Quick Start#

Installation#

You can install hazrakah from PyPI through the usual means, such as pip:

pip install hazrakah

Usage#

Core lifetimes — Transient, Singleton, Instance#

hazrakah manages object lifecycles through three registration strategies:

from hazrakah import Container

container = Container()

# TRANSIENT — a new instance for every resolve.
container.register_transient(IFoo, Foo)
assert container.resolve(IFoo) is not container.resolve(IFoo)

# SINGLETON — one shared instance across all resolves in scope.
container.register_singleton(IFooBar, lambda c: c.resolve(FooBarImpl))
assert container.resolve(IFooBar) is container.resolve(IFooBar)

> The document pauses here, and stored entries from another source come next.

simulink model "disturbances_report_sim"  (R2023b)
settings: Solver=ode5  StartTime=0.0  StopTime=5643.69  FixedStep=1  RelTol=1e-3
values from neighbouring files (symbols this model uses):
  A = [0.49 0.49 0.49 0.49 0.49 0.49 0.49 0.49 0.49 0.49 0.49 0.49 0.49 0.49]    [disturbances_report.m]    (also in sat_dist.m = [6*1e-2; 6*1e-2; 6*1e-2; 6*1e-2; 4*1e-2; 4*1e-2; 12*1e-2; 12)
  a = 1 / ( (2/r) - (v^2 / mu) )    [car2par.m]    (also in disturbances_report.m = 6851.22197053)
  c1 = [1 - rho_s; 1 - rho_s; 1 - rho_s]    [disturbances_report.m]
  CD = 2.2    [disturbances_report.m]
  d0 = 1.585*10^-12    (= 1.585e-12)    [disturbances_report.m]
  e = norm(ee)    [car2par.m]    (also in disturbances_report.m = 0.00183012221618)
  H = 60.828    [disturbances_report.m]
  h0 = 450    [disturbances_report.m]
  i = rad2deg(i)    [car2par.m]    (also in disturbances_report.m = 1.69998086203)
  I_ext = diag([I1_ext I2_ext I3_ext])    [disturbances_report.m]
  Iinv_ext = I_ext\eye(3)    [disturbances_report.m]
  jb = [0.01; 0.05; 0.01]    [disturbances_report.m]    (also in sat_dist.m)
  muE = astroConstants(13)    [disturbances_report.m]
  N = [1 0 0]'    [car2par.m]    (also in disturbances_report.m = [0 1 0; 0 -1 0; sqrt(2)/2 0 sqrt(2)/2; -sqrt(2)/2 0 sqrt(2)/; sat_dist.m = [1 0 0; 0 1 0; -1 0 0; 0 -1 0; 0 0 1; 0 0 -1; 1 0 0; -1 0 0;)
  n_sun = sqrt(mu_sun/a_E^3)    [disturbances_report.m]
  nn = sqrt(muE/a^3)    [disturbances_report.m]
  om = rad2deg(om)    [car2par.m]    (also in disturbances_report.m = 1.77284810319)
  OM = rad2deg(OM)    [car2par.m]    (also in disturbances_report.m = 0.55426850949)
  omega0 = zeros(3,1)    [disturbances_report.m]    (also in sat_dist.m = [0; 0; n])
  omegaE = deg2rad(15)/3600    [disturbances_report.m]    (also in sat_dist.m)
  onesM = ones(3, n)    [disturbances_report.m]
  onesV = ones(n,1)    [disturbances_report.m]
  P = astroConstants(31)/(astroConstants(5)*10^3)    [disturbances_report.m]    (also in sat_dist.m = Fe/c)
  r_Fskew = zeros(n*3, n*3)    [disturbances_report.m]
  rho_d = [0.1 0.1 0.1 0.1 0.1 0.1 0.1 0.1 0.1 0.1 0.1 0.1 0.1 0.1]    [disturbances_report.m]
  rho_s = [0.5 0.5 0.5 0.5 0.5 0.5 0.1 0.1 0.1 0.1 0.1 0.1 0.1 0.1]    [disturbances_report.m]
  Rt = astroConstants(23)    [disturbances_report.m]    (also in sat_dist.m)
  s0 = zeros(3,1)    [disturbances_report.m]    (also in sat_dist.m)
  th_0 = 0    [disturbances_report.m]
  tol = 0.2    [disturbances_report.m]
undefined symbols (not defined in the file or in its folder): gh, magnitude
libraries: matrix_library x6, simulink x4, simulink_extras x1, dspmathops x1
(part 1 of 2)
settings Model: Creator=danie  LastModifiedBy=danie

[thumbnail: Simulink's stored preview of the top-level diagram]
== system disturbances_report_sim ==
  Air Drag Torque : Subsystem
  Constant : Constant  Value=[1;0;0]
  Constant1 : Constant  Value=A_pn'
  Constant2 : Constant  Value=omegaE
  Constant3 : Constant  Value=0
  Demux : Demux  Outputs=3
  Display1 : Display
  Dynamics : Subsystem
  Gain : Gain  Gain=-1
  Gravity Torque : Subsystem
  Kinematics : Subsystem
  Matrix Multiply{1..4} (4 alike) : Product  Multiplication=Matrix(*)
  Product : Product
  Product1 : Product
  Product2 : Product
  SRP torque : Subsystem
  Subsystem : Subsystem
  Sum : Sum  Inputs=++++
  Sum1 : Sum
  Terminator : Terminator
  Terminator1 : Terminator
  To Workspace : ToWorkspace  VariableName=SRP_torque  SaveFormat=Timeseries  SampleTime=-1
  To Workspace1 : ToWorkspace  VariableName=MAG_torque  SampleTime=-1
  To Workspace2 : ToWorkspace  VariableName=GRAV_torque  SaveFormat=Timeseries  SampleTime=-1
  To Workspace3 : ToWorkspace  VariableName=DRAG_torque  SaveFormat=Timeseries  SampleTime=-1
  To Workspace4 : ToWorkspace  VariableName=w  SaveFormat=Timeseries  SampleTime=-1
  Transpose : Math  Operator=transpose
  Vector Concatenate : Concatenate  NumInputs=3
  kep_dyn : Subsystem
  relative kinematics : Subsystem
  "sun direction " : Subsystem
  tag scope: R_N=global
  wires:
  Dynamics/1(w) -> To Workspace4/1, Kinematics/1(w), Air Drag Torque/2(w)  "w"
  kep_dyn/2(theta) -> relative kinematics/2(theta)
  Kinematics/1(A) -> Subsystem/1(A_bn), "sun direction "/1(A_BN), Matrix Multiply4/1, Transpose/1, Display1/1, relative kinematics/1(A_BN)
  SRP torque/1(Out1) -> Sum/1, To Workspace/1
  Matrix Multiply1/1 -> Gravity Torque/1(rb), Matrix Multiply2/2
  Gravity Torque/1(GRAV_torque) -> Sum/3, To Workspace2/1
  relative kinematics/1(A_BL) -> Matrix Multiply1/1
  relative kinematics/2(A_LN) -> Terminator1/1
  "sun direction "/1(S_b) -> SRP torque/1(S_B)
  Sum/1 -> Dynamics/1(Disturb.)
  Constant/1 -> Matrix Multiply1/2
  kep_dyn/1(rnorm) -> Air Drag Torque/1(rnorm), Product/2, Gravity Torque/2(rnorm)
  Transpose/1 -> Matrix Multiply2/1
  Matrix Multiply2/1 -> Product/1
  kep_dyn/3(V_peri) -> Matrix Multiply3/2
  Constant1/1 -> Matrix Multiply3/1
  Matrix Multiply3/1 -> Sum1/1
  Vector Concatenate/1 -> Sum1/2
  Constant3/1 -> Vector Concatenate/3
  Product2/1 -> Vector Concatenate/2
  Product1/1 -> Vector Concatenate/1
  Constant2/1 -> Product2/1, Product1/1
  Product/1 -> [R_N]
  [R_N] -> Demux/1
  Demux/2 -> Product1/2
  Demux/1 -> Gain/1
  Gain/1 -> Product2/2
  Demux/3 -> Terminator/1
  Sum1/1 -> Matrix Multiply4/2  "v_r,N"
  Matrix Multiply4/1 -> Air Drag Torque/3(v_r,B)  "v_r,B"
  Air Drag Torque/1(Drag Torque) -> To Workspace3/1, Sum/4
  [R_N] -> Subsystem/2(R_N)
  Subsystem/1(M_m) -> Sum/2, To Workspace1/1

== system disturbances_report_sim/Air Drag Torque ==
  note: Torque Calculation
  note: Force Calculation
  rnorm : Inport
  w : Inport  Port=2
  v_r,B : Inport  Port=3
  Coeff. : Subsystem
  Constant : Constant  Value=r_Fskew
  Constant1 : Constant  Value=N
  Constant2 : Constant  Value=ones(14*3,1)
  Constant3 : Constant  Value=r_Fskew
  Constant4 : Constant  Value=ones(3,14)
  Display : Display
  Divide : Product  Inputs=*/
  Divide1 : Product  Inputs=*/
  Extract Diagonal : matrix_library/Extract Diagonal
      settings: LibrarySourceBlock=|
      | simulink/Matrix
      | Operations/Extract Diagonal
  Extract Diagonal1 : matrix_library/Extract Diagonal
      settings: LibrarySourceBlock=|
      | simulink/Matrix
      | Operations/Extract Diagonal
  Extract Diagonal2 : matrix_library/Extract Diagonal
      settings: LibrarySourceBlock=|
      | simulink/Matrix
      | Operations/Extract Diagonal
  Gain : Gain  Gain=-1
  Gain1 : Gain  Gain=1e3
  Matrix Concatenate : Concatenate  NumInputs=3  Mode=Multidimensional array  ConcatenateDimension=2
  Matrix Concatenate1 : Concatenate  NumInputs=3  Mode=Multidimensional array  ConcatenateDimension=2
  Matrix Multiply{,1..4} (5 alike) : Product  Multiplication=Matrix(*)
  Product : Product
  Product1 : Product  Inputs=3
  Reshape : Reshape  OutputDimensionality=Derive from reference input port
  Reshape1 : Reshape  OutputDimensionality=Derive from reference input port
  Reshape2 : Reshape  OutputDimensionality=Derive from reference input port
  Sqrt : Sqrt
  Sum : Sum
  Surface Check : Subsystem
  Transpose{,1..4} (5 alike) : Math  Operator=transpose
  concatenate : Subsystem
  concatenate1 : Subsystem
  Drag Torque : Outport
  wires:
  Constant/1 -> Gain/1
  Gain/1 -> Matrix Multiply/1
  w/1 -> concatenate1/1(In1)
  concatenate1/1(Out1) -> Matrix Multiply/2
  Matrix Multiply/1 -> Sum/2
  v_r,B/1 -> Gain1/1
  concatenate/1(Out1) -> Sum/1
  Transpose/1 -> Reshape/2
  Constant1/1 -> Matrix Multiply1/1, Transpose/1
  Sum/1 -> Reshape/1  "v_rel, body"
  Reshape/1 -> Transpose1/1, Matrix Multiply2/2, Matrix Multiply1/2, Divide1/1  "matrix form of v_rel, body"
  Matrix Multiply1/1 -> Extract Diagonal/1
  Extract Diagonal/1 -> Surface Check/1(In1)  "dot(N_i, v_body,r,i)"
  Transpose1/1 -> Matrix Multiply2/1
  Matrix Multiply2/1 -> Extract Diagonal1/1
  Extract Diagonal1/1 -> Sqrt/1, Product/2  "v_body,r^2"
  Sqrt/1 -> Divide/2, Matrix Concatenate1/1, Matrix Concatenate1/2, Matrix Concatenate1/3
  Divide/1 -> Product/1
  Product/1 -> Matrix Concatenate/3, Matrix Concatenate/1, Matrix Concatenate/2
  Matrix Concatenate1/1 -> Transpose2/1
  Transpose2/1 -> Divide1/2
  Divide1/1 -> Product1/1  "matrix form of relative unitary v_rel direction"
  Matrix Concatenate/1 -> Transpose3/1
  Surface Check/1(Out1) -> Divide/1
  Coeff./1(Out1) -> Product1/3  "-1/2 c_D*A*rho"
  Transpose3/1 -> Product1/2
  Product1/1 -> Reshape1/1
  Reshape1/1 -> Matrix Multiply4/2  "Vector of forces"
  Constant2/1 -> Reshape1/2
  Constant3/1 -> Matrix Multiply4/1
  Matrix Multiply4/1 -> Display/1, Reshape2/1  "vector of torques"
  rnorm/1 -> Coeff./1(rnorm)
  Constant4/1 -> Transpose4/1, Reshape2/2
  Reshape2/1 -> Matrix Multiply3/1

# INSTANCE — your exact object, returned everywhere (including child scopes).
bar_obj = Bar()
container.register_instance(IBar, bar_obj)
assert container.resolve(IBar) is bar_obj

Hierarchical Scopes#

Scopes provide isolation: parent registrations flow down, but child-only registrations stay local.

parent = Container()
child = parent.create_scope()

parent.register_transient(IFoo, Foo)
child.resolve(IFoo)          # resolves parent's registration

child.register_transient(IBar, Bar)
child.resolve(IBar)          # works — registered in this scope

Context Management#

Resolve tracked resources and get deterministic teardown when the scope exits.

class Closeable:
    def __init__(self): self.closed = False
    def close(self): self.closed = True

with Container() as c:
    c.register_transient(Closeable)
    res = c.resolve(Closeable)

assert res.closed               # teardown ran automatically on __exit__

Fluent Chaining#

All registration methods return self, enabling method-chained container setup.

container = (
    Container()
    .register_transient(IFoo, Foo)
    .register_singleton(IBar, Bar)
    .register_instance(IFizz, Fizz())
)

assert isinstance(container.resolve(IFoo), Foo)
assert isinstance(container.resolve(IBar), Bar)

Lifetime Decorators#

Mark intent at class-definition time with @singleton, @transient, or @instanced, then register everything in one call.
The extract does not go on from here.